A record-breaking close pair of supermassive black holes was detected

Object LGGS J004527.30 + 413254.3 (J0045 + 41 for brevity), which astronomers previously considered part of the Andromeda nebula, turned out to be the closest in the history of observations by a pair of supermassive black holes.

The discovery was made by a research group from the University of Washington: Trevor Dorn-Wallenstein, Emily Levesque and John Ruan. The scientific article with the results of the research was accepted for publication in the Astrophysical Journal, but for the time being it is available on the website of the preprints arXiv.org.

A black hole is called supermassive if it exceeds by mass the Sun hundreds of thousands of times or more. Such objects are observed due to the radiation of the substance incident on them. They are found in the center of many galaxies, including our own.

It is quite rare to find a pair of supermassive black holes circling around the common center of mass. The system, discovered by American astronomers, turned out to be a record close, that is, the distance between the two components of the pair is unusually small.

The Andromeda nebula, also M31, is a large and beautiful spiral galaxy, located about 2.5 million light-years from Earth. Object J0045 + 41 was previously considered a double star with a period of revolution of 80 days, which was part of this galaxy. A double star is a system of two luminaries revolving around a common center of mass.
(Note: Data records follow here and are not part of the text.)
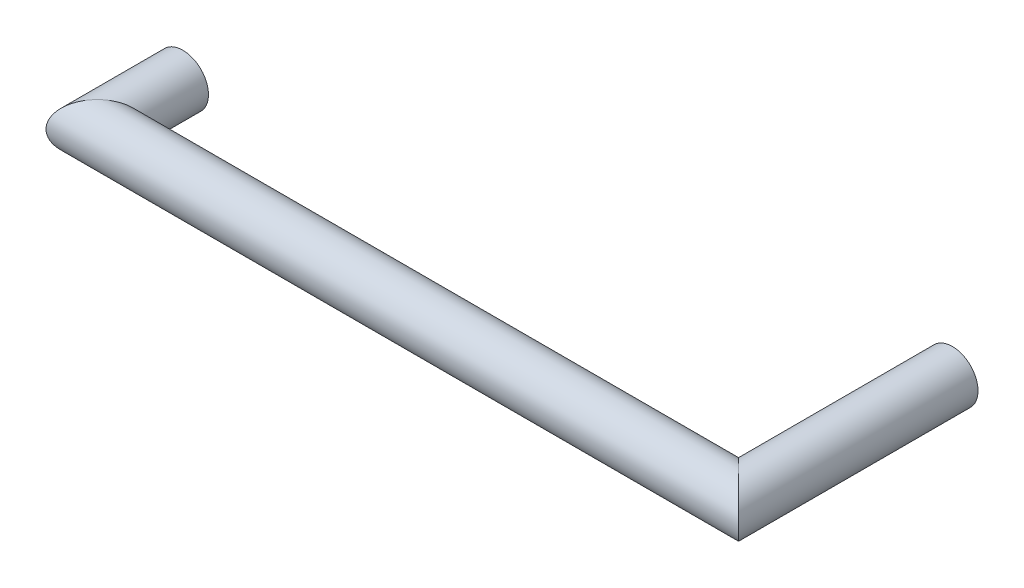
ISO-10303-21;
HEADER;
FILE_DESCRIPTION(('STEP AP214'),'2;1');
FILE_NAME('part.step','',(''),(''),'','','');
FILE_SCHEMA(('AUTOMOTIVE_DESIGN { 1 0 10303 214 1 1 1 1 }'));
ENDSEC;
DATA;
#1=APPLICATION_CONTEXT('core data for automotive mechanical design processes');
#2=APPLICATION_PROTOCOL_DEFINITION('international standard','automotive_design',2000,#1);
#3=PRODUCT_CONTEXT('',#1,'mechanical');
#4=PRODUCT('Part','Part','',(#3));
#5=PRODUCT_RELATED_PRODUCT_CATEGORY('part','',(#4));
#6=PRODUCT_DEFINITION_FORMATION('','',#4);
#7=PRODUCT_DEFINITION_CONTEXT('part definition',#1,'design');
#8=PRODUCT_DEFINITION('design','',#6,#7);
#9=PRODUCT_DEFINITION_SHAPE('','',#8);
#10=(LENGTH_UNIT() NAMED_UNIT(*) SI_UNIT(.MILLI.,.METRE.));
#11=(NAMED_UNIT(*) PLANE_ANGLE_UNIT() SI_UNIT($,.RADIAN.));
#12=(NAMED_UNIT(*) SI_UNIT($,.STERADIAN.) SOLID_ANGLE_UNIT());
#13=UNCERTAINTY_MEASURE_WITH_UNIT(LENGTH_MEASURE(1.E-05),#10,'distance_accuracy_value','');
#14=(GEOMETRIC_REPRESENTATION_CONTEXT(3) GLOBAL_UNCERTAINTY_ASSIGNED_CONTEXT((#13)) GLOBAL_UNIT_ASSIGNED_CONTEXT((#10,
#11,#12)) REPRESENTATION_CONTEXT('',''));
#15=CARTESIAN_POINT('',(0.,0.,0.));
#16=DIRECTION('',(0.,0.,1.));
#17=DIRECTION('',(1.,0.,0.));
#18=AXIS2_PLACEMENT_3D('',#15,#16,#17);
#19=CARTESIAN_POINT('',(-7.5,0.,-2.));
#20=DIRECTION('',(0.,0.,-1.));
#21=DIRECTION('',(-1.,0.,0.));
#22=AXIS2_PLACEMENT_3D('',#19,#20,#21);
#23=PLANE('',#22);
#24=CARTESIAN_POINT('',(-7.5,0.,-2.));
#25=DIRECTION('',(0.,0.,-1.));
#26=DIRECTION('',(-1.,0.,0.));
#27=AXIS2_PLACEMENT_3D('',#24,#25,#26);
#28=CIRCLE('',#27,0.6);
#29=CARTESIAN_POINT('',(-8.1,0.,-2.));
#30=VERTEX_POINT('',#29);
#31=EDGE_CURVE('E35',#30,#30,#28,.T.);
#32=ORIENTED_EDGE('',*,*,#31,.T.);
#33=EDGE_LOOP('',(#32));
#34=FACE_BOUND('',#33,.T.);
#35=ADVANCED_FACE('F32',(#34),#23,.T.);
#36=CARTESIAN_POINT('',(7.5,0.,-5.));
#37=DIRECTION('',(0.,0.,1.));
#38=DIRECTION('',(1.,0.,0.));
#39=AXIS2_PLACEMENT_3D('',#36,#37,#38);
#40=PLANE('',#39);
#41=CARTESIAN_POINT('',(7.5,0.,-5.));
#42=DIRECTION('',(0.,0.,1.));
#43=DIRECTION('',(1.,0.,0.));
#44=AXIS2_PLACEMENT_3D('',#41,#42,#43);
#45=CIRCLE('',#44,0.6);
#46=CARTESIAN_POINT('',(8.1,0.,-5.));
#47=VERTEX_POINT('',#46);
#48=EDGE_CURVE('E39',#47,#47,#45,.T.);
#49=ORIENTED_EDGE('',*,*,#48,.F.);
#50=EDGE_LOOP('',(#49));
#51=FACE_BOUND('',#50,.T.);
#52=ADVANCED_FACE('F56',(#51),#40,.F.);
#53=CARTESIAN_POINT('',(-7.5,0.,0.76));
#54=DIRECTION('',(0.,0.,-1.));
#55=DIRECTION('',(-1.,0.,0.));
#56=AXIS2_PLACEMENT_3D('',#53,#54,#55);
#57=CYLINDRICAL_SURFACE('',#56,0.6);
#58=CARTESIAN_POINT('',(-7.5,0.,0.));
#59=DIRECTION('',(-0.707106781186548,0.,-0.707106781186547));
#60=DIRECTION('',(-0.707106781186547,0.,0.707106781186548));
#61=AXIS2_PLACEMENT_3D('',#58,#59,#60);
#62=ELLIPSE('',#61,0.848528137423857,0.6);
#63=CARTESIAN_POINT('',(-8.1,0.,0.600000000000001));
#64=VERTEX_POINT('',#63);
#65=EDGE_CURVE('E44',#64,#64,#62,.F.);
#66=ORIENTED_EDGE('',*,*,#65,.F.);
#67=EDGE_LOOP('',(#66));
#68=FACE_BOUND('',#67,.T.);
#69=ORIENTED_EDGE('',*,*,#31,.F.);
#70=EDGE_LOOP('',(#69));
#71=FACE_BOUND('',#70,.T.);
#72=ADVANCED_FACE('F53',(#68,#71),#57,.T.);
#73=CARTESIAN_POINT('',(8.26,0.,0.));
#74=DIRECTION('',(-1.,0.,0.));
#75=DIRECTION('',(0.,0.,1.));
#76=AXIS2_PLACEMENT_3D('',#73,#74,#75);
#77=CYLINDRICAL_SURFACE('',#76,0.6);
#78=CARTESIAN_POINT('',(7.5,0.,0.));
#79=DIRECTION('',(-0.707106781186547,0.,0.707106781186548));
#80=DIRECTION('',(0.707106781186548,0.,0.707106781186547));
#81=AXIS2_PLACEMENT_3D('',#78,#79,#80);
#82=ELLIPSE('',#81,0.848528137423857,0.6);
#83=CARTESIAN_POINT('',(8.1,0.,0.599999999999998));
#84=VERTEX_POINT('',#83);
#85=EDGE_CURVE('E10',#84,#84,#82,.F.);
#86=ORIENTED_EDGE('',*,*,#85,.F.);
#87=EDGE_LOOP('',(#86));
#88=FACE_BOUND('',#87,.T.);
#89=ORIENTED_EDGE('',*,*,#65,.T.);
#90=EDGE_LOOP('',(#89));
#91=FACE_BOUND('',#90,.T.);
#92=ADVANCED_FACE('F55',(#88,#91),#77,.T.);
#93=CARTESIAN_POINT('',(7.5,0.,-5.));
#94=DIRECTION('',(0.,0.,1.));
#95=DIRECTION('',(1.,0.,0.));
#96=AXIS2_PLACEMENT_3D('',#93,#94,#95);
#97=CYLINDRICAL_SURFACE('',#96,0.6);
#98=ORIENTED_EDGE('',*,*,#48,.T.);
#99=EDGE_LOOP('',(#98));
#100=FACE_BOUND('',#99,.T.);
#101=ORIENTED_EDGE('',*,*,#85,.T.);
#102=EDGE_LOOP('',(#101));
#103=FACE_BOUND('',#102,.T.);
#104=ADVANCED_FACE('F63',(#100,#103),#97,.T.);
#105=CLOSED_SHELL('',(#35,#52,#72,#92,#104));
#106=MANIFOLD_SOLID_BREP('B2',#105);
#107=ADVANCED_BREP_SHAPE_REPRESENTATION('',(#18,#106),#14);
#108=SHAPE_DEFINITION_REPRESENTATION(#9,#107);
ENDSEC;
END-ISO-10303-21;

But a group from the University of Washington, using the data of the orbital X-ray observatory Chandra, discovered that the celestial body emits a powerful stream of X-rays. Stars, even double ones, do not behave this way. There was an assumption that one of the components of the system is a neutron star or a black hole on which the companion matter falls. Experts call this process accretion. Accelerating and warming up during the tug-of-war, such a substance will serve as a source of “X-rays.”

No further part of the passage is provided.